Assignment: Range to reproduce from the entries below: the line with "FCS_ae_rl/5(FCS_ae_rl_dlie_out) -> Aircraft", the line with "FCS_ae_rl/9(FCS_ae_rl_tss_out) -> Aircraft", and every line in between. Give them exactly and give nothing else.

(Beginning of Data excerpts)

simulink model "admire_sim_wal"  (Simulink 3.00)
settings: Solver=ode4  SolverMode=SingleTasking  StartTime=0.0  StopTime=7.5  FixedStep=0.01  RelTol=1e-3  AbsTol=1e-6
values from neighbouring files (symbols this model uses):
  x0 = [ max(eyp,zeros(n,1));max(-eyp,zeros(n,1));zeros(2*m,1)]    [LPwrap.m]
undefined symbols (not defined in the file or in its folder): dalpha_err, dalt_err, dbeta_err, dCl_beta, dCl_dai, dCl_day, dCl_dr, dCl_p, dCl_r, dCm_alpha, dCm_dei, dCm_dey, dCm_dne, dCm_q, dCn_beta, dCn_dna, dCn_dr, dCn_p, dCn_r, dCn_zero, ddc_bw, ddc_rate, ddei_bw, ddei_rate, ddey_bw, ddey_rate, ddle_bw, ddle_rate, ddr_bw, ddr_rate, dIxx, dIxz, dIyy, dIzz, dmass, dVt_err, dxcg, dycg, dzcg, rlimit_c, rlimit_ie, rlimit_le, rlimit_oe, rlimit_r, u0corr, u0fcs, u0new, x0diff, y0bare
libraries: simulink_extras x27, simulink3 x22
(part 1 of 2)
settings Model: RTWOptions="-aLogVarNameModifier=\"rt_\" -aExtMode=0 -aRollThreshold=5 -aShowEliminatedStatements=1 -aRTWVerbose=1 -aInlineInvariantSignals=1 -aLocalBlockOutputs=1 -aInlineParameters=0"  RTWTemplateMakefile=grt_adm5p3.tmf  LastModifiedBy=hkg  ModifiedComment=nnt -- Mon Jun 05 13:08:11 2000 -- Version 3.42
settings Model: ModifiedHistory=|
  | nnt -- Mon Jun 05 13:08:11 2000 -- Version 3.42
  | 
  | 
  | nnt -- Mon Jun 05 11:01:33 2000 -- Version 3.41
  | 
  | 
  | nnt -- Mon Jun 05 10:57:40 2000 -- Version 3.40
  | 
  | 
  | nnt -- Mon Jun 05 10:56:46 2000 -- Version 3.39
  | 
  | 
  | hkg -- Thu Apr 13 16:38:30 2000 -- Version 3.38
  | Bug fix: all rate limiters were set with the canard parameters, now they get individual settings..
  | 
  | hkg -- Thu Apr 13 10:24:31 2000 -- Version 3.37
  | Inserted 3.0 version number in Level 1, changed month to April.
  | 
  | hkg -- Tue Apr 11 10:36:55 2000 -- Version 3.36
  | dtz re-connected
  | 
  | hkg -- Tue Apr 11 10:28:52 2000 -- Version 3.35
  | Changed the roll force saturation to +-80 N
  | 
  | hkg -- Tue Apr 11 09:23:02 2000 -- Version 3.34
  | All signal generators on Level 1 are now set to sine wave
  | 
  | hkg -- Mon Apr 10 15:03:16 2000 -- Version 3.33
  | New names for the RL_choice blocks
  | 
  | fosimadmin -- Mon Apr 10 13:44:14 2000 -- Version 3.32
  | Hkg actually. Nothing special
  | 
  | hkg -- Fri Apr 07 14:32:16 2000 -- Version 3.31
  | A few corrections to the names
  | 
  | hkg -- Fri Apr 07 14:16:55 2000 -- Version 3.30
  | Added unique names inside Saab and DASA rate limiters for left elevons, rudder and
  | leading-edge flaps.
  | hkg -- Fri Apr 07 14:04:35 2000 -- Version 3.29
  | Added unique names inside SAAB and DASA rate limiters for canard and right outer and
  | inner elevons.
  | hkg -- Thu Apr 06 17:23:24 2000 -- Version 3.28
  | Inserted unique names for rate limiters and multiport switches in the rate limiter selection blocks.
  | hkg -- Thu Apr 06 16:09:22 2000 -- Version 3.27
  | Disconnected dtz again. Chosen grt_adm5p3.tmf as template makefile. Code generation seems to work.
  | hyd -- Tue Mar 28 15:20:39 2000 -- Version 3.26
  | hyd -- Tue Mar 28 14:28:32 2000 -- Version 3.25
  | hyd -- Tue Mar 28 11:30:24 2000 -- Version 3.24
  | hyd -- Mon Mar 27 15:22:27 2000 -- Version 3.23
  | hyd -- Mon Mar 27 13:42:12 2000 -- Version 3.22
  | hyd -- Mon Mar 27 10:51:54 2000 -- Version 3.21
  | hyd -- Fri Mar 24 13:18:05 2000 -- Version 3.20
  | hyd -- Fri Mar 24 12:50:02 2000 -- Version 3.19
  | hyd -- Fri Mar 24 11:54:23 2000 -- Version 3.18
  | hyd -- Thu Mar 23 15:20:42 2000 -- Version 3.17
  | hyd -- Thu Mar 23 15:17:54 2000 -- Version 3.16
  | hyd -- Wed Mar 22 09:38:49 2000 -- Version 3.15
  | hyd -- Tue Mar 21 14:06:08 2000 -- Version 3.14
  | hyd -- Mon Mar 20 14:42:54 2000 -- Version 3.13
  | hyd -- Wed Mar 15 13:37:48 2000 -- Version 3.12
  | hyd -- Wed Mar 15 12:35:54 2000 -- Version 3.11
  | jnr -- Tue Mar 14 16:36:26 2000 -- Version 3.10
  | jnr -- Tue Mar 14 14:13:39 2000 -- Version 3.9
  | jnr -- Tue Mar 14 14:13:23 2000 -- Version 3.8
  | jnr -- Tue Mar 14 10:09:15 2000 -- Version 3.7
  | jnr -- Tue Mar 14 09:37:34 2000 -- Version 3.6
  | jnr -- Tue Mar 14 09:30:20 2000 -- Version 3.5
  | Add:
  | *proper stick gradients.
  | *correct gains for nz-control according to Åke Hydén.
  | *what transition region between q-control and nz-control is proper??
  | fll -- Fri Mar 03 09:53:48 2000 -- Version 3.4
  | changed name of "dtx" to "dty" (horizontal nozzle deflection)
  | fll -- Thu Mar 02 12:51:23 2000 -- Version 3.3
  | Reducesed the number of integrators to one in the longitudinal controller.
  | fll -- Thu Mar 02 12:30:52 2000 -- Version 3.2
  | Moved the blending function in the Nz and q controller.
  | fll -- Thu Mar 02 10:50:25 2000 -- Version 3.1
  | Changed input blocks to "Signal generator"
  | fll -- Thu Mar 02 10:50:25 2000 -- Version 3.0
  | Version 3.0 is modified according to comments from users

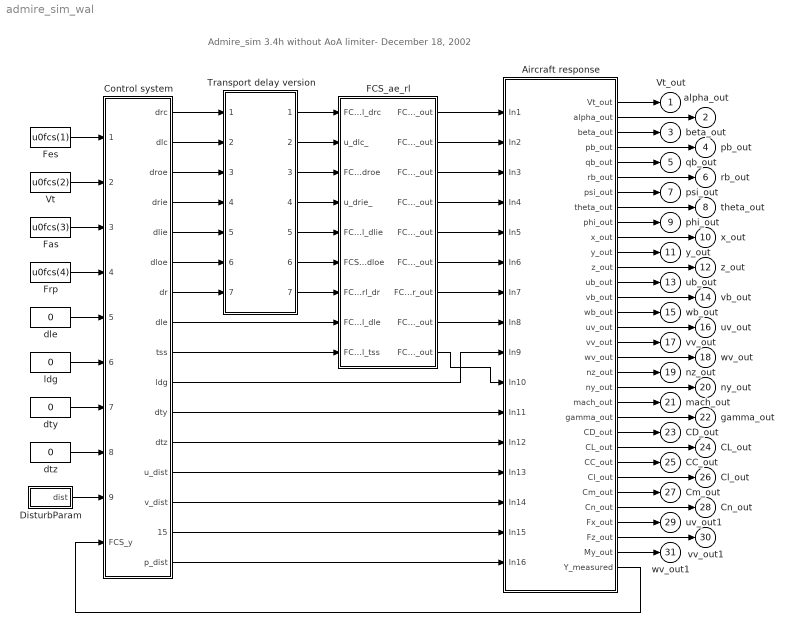
== system admire_sim_wal ==
  note: Admire_sim 3.4h without AoA limiter- December 18, 2002
  Aircraft response : Subsystem
      mask Display: disp('Aircraft\nResponse')
  Control system : Subsystem
      mask Display: disp('Control\nSystem')
  DisturbParam : Subsystem
  FCS_ae_rl : Subsystem
      mask Display: disp('Saturators\nRatelimiters\nand\nActuators')
  Fas : Constant  Value=u0fcs(3)
  Fes : Constant  Value=u0fcs(1)
  Frp : Constant  Value=u0fcs(4)
  Transport delay version : Subsystem
      mask Display: disp('Total\nComputer\nDelay\n\nTransport\ndelay\nversion')
  Vt : Constant  Value=u0fcs(2)
  dle : Constant  Value=0
  dty : Constant  Value=0
  dtz : Constant  Value=0
  ldg : Constant  Value=0
  Vt_out : Outport  Port=1  InitialOutput=0
  alpha_out : Outport  Port=2  InitialOutput=0
  beta_out : Outport  Port=3  InitialOutput=0
  pb_out : Outport  Port=4  InitialOutput=0
  qb_out : Outport  Port=5  InitialOutput=0
  rb_out : Outport  Port=6  InitialOutput=0
  psi_out : Outport  Port=7  InitialOutput=0
  theta_out : Outport  Port=8  InitialOutput=0
  phi_out : Outport  Port=9  InitialOutput=0
  x_out : Outport  Port=10  InitialOutput=0
  y_out : Outport  Port=11  InitialOutput=0
  z_out : Outport  Port=12  InitialOutput=0
  ub_out : Outport  Port=13  InitialOutput=0
  vb_out : Outport  Port=14  InitialOutput=0
  wb_out : Outport  Port=15  InitialOutput=0
  uv_out : Outport  Port=16  InitialOutput=0
  vv_out : Outport  Port=17  InitialOutput=0
  wv_out : Outport  Port=18  InitialOutput=0
  nz_out : Outport  Port=19  InitialOutput=0
  ny_out : Outport  Port=20  InitialOutput=0
  mach_out : Outport  Port=21  InitialOutput=0
  gamma_out : Outport  Port=22  InitialOutput=0
  CD_out : Outport  Port=23  InitialOutput=0
  CL_out : Outport  Port=24  InitialOutput=0
  CC_out : Outport  Port=25  InitialOutput=0
  Cl_out : Outport  Port=26  InitialOutput=0
  Cm_out : Outport  Port=27  InitialOutput=0
  Cn_out : Outport  Port=28  InitialOutput=0
  uv_out1 : Outport  Port=29  InitialOutput=0
  vv_out1 : Outport  Port=30  InitialOutput=0
  wv_out1 : Outport  Port=31  InitialOutput=0
  wires:
  Aircraft response/1(Vt_out) -> Vt_out/1
  Aircraft response/3(beta_out) -> beta_out/1
  Aircraft response/5(qb_out) -> qb_out/1
  Aircraft response/7(psi_out) -> psi_out/1
  Aircraft response/9(phi_out) -> phi_out/1
  Aircraft response/11(y_out) -> y_out/1
  Aircraft response/13(ub_out) -> ub_out/1
  Aircraft response/15(wb_out) -> wb_out/1
  Aircraft response/19(nz_out) -> nz_out/1
  FCS_ae_rl/8(FCS_ae_rl_dle_out) -> Aircraft response/8(In8)
  FCS_ae_rl/7(FCS_ae_rl_dr_out) -> Aircraft response/7(In7)
  FCS_ae_rl/6(FCS_ae_rl_dloe_out) -> Aircraft response/6(In6)
  FCS_ae_rl/5(FCS_ae_rl_dlie_out) -> Aircraft response/5(In5)
  FCS_ae_rl/4(FCS_ae_rl_drie_out) -> Aircraft response/4(In4)
  FCS_ae_rl/3(FCS_ae_rl_droe_out) -> Aircraft response/3(In3)
  FCS_ae_rl/2(FCS_ae_rl_dlc_out) -> Aircraft response/2(In2)
  FCS_ae_rl/1(FCS_ae_rl_drc_out) -> Aircraft response/1(In1)
  FCS_ae_rl/9(FCS_ae_rl_tss_out) -> Aircraft response/10(In10)
  Transport delay version/1(FCS_ae_rl_del_drc_delayed) -> FCS_ae_rl/1(FCS_ae_rl_drc)
  Transport delay version/2(FCS_ae_rl_del_dlc_delayed) -> FCS_ae_rl/2(u_dlc_)
  Transport delay version/3(FCS_ae_rl_del_droe_delayed) -> FCS_ae_rl/3(FCS_ae_rl_droe)
  Transport delay version/4(FCS_ae_rl_del_drie_delayed) -> FCS_ae_rl/4(u_drie_)
  Transport delay version/5(FCS_ae_rl_del_dlie_delayed) -> FCS_ae_rl/5(FCS_ae_rl_dlie)
  Transport delay version/6(FCS_ae_rl_del_dloe_delayed) -> FCS_ae_rl/6(FCS_ae_rl_dloe)
  Transport delay version/7(FCS_ae_rl_del_dr_delayed) -> FCS_ae_rl/7(FCS_ae_rl_dr)
  Aircraft response/17(vv_out) -> vv_out/1
  Aircraft response/21(mach_out) -> mach_out/1
  Aircraft response/23(CD_out) -> CD_out/1
  Aircraft response/25(CC_out) -> CC_out/1
  Aircraft response/27(Cm_out) -> Cm_out/1
  Aircraft response/29(Fx_out) -> uv_out1/1
  Aircraft response/31(My_out) -> wv_out1/1
  Aircraft response/2(alpha_out) -> alpha_out/1
  Aircraft response/22(gamma_out) -> gamma_out/1
  Aircraft response/4(pb_out) -> pb_out/1
  Aircraft response/6(rb_out) -> rb_out/1
  Aircraft response/8(theta_out) -> theta_out/1
  Aircraft response/10(x_out) -> x_out/1
  Aircraft response/14(vb_out) -> vb_out/1
  Aircraft response/16(uv_out) -> uv_out/1
  Aircraft response/18(wv_out) -> wv_out/1
  Aircraft response/20(ny_out) -> ny_out/1
  Aircraft response/12(z_out) -> z_out/1
  Aircraft response/24(CL_out) -> CL_out/1
  Aircraft response/26(Cl_out) -> Cl_out/1
  Aircraft response/28(Cn_out) -> Cn_out/1
  Aircraft response/30(Fz_out) -> vv_out1/1
  Control system/1(drc) -> Transport delay version/1(FCS_ae_rl_del_drc)
  Control system/2(dlc) -> Transport delay version/2(FCS_ae_rl_del_dlc)
  Control system/3(droe) -> Transport delay version/3(FCS_ae_rl_del_droe)
  Control system/4(drie) -> Transport delay version/4(FCS_ae_rl_del_drie)
  Control system/5(dlie) -> Transport delay version/5(FCS_ae_rl_del_dlie)
  Control system/6(dloe) -> Transport delay version/6(FCS_ae_rl_del_dloe)
  Control system/7(dr) -> Transport delay version/7(FCS_ae_rl_del_dr)
  Control system/8(dle) -> FCS_ae_rl/8(FCS_ae_rl_dle)
  Control system/9(tss) -> FCS_ae_rl/9(FCS_ae_rl_tss)
  Control system/10(ldg) -> Aircraft response/9(In9)
  Control system/11(dty) -> Aircraft response/11(In11)
  Control system/13(u_dist) -> Aircraft response/13(In13)
  Control system/14(v_dist) -> Aircraft response/14(In14)
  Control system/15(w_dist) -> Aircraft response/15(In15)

(End of Data excerpts)

Problem solution:
  FCS_ae_rl/5(FCS_ae_rl_dlie_out) -> Aircraft response/5(In5)
  FCS_ae_rl/4(FCS_ae_rl_drie_out) -> Aircraft response/4(In4)
  FCS_ae_rl/3(FCS_ae_rl_droe_out) -> Aircraft response/3(In3)
  FCS_ae_rl/2(FCS_ae_rl_dlc_out) -> Aircraft response/2(In2)
  FCS_ae_rl/1(FCS_ae_rl_drc_out) -> Aircraft response/1(In1)
  FCS_ae_rl/9(FCS_ae_rl_tss_out) -> Aircraft response/10(In10)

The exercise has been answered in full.